+++ RECORDED INFORMATION +++
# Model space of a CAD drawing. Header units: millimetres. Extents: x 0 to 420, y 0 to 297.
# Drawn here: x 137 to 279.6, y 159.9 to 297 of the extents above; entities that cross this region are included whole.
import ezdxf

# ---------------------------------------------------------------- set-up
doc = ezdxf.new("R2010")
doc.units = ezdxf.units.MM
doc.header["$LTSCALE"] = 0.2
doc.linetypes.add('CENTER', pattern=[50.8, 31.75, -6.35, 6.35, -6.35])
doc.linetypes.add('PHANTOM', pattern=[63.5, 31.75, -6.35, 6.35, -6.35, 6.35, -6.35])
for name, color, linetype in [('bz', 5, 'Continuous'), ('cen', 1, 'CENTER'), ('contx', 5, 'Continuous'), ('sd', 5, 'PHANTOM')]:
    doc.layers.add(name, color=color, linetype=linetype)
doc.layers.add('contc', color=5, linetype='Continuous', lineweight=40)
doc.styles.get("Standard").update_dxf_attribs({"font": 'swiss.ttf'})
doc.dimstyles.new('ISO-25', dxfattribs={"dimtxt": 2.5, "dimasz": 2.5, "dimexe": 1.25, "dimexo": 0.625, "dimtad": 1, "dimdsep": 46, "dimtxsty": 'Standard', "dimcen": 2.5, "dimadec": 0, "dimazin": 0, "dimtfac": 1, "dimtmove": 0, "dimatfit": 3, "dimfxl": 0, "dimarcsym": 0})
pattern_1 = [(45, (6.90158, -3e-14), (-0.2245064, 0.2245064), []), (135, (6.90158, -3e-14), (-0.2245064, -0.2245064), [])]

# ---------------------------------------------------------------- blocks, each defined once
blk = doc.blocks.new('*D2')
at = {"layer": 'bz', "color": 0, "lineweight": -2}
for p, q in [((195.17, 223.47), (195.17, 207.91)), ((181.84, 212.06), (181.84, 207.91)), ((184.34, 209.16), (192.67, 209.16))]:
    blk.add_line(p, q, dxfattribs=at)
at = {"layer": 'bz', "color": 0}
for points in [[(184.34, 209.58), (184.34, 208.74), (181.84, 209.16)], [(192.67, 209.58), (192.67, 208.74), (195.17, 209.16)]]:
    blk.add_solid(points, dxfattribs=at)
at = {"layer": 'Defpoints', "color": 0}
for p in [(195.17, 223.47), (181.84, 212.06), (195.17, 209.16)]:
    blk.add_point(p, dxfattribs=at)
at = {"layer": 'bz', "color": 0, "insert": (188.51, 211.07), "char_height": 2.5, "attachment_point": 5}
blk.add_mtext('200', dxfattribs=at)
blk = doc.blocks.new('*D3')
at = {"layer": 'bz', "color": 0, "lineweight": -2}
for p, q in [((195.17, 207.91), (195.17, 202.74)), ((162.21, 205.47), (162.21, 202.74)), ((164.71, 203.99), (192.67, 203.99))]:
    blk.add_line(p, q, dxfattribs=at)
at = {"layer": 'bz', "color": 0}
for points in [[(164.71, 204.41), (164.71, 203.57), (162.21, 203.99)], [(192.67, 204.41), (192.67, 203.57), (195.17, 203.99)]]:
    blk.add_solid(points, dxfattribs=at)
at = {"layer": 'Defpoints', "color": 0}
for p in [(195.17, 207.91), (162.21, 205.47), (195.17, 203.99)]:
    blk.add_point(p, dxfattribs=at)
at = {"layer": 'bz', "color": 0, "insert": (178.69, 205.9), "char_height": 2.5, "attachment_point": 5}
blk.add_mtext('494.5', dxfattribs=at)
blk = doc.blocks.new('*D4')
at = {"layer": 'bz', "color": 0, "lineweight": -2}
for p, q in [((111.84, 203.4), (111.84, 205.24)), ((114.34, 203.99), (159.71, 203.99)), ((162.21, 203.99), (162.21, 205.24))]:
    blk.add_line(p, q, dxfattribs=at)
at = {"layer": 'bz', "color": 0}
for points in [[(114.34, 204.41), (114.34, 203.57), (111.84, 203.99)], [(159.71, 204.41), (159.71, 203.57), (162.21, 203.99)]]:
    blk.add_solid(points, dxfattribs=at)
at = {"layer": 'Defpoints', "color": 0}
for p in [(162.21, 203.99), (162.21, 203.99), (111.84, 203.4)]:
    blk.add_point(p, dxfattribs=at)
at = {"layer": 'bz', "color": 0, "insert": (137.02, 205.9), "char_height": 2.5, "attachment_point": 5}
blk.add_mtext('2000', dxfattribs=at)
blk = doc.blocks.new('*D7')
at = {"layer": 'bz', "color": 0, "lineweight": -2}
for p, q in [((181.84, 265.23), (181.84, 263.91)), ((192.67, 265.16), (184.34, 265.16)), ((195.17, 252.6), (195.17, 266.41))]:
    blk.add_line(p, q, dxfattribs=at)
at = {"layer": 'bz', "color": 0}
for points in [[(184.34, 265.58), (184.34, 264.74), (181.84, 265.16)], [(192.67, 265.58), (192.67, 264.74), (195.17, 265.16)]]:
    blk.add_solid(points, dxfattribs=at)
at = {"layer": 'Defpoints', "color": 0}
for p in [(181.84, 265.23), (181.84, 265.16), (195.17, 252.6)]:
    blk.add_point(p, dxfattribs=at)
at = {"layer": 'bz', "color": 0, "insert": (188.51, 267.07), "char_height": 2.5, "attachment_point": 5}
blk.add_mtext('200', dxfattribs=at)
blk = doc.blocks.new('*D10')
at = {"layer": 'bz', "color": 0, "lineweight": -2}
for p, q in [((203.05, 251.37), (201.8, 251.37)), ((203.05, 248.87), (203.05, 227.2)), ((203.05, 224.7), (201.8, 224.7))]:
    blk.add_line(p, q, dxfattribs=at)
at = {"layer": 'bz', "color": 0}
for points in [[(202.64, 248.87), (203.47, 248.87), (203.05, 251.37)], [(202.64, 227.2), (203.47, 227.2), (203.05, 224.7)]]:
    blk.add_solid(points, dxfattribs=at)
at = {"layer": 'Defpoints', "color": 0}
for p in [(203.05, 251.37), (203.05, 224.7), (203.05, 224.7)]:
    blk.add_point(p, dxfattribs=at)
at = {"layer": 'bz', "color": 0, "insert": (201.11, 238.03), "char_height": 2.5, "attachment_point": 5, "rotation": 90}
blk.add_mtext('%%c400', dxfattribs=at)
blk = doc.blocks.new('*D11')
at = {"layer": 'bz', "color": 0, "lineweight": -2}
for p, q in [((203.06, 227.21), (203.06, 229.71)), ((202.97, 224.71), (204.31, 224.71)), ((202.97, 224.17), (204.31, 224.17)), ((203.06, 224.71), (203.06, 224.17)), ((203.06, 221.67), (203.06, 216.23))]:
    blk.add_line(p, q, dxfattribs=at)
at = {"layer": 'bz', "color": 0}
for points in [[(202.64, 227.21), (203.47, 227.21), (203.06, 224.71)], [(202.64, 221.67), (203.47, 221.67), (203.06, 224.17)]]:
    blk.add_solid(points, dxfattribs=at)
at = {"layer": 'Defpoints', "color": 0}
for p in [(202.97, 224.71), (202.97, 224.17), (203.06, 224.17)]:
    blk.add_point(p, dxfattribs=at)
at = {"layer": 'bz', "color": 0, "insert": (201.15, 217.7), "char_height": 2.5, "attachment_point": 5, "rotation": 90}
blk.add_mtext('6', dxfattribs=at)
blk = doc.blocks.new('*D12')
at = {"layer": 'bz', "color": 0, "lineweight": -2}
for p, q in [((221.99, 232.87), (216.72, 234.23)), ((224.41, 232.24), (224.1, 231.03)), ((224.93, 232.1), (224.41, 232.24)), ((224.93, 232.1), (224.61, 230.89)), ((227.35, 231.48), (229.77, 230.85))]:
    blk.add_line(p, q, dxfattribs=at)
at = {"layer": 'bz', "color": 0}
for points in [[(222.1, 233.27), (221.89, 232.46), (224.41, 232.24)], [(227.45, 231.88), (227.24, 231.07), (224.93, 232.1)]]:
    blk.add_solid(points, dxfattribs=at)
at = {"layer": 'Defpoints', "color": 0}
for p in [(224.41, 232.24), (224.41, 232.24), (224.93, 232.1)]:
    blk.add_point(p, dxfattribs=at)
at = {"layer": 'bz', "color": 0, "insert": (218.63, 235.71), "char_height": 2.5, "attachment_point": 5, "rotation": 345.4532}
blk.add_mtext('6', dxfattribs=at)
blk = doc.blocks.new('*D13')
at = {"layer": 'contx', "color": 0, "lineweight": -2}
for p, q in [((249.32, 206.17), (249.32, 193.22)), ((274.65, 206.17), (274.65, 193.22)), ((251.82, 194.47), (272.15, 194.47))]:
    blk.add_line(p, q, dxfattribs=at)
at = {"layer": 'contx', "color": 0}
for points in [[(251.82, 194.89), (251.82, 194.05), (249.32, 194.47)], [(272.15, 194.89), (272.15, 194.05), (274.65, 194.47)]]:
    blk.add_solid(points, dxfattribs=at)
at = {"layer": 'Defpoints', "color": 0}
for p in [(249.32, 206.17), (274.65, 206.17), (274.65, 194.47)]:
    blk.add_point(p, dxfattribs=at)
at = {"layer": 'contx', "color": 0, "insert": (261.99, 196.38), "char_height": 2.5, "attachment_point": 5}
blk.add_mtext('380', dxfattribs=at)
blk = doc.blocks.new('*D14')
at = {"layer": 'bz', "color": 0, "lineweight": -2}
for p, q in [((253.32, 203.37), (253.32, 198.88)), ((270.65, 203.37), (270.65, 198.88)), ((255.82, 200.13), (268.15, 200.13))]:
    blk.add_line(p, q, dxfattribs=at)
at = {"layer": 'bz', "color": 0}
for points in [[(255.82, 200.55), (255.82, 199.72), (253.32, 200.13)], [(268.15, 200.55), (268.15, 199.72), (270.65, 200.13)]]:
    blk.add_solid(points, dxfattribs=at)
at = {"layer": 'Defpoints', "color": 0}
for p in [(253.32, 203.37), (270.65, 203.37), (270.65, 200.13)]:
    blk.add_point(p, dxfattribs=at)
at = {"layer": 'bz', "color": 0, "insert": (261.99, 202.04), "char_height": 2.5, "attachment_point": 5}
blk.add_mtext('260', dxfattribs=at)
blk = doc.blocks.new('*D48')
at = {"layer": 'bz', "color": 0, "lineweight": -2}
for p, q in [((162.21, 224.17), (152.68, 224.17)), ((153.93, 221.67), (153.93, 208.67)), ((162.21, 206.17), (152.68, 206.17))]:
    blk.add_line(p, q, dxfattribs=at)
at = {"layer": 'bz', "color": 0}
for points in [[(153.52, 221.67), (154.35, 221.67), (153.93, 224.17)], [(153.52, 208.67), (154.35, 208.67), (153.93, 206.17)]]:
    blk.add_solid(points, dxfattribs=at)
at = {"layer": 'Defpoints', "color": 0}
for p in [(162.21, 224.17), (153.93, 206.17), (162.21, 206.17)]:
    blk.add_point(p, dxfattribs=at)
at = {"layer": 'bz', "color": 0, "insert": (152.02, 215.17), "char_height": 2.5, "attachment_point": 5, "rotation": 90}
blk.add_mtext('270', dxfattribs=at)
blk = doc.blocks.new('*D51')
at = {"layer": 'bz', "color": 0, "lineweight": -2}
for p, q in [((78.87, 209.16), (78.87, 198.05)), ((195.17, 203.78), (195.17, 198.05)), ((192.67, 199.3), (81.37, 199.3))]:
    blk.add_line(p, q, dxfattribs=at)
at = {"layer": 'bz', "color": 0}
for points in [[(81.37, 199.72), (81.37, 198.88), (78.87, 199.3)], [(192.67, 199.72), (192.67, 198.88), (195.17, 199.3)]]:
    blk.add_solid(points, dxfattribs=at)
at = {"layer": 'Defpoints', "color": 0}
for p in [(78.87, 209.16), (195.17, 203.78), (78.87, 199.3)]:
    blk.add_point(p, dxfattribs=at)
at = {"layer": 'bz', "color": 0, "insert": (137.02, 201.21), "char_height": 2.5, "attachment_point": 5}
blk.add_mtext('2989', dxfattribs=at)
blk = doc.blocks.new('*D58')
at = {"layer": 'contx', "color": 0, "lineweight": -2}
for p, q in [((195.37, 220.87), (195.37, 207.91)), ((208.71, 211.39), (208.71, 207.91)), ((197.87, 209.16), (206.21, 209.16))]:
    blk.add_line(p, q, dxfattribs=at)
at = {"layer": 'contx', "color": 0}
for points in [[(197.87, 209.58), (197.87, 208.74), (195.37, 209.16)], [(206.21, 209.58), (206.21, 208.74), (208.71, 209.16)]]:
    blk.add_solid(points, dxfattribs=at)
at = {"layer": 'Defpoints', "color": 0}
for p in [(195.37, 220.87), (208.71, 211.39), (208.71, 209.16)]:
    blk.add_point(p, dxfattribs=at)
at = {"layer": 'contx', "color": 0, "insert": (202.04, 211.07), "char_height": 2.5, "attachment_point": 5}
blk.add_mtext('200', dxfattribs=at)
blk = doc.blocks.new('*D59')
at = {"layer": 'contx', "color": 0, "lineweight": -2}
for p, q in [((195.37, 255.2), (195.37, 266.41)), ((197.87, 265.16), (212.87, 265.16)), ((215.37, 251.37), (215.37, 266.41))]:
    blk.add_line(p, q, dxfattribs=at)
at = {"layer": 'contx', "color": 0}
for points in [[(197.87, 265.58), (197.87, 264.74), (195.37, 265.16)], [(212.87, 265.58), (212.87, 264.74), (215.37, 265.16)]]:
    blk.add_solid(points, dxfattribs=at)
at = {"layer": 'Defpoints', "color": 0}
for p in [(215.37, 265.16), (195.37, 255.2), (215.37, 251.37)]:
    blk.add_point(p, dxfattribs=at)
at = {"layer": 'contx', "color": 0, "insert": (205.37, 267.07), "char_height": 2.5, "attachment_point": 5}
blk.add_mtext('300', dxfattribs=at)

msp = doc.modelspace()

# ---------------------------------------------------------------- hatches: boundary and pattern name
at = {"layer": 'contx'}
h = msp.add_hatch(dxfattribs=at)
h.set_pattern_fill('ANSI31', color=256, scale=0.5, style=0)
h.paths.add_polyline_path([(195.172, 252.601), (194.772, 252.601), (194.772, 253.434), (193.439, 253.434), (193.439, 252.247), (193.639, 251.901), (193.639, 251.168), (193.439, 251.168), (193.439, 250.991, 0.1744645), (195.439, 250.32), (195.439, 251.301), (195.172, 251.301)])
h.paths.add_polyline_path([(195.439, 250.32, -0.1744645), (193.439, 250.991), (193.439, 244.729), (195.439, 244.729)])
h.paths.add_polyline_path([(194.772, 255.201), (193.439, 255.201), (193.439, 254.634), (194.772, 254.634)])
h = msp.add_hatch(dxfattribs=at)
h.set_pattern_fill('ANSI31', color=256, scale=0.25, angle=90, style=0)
+++
WORK REQUIRED:
Which of the lines above carry the string "linetypes"? Copy every one.

EXERCISE OUTPUT:
doc.linetypes.add('CENTER', pattern=[50.8, 31.75, -6.35, 6.35, -6.35])
doc.linetypes.add('PHANTOM', pattern=[63.5, 31.75, -6.35, 6.35, -6.35, 6.35, -6.35])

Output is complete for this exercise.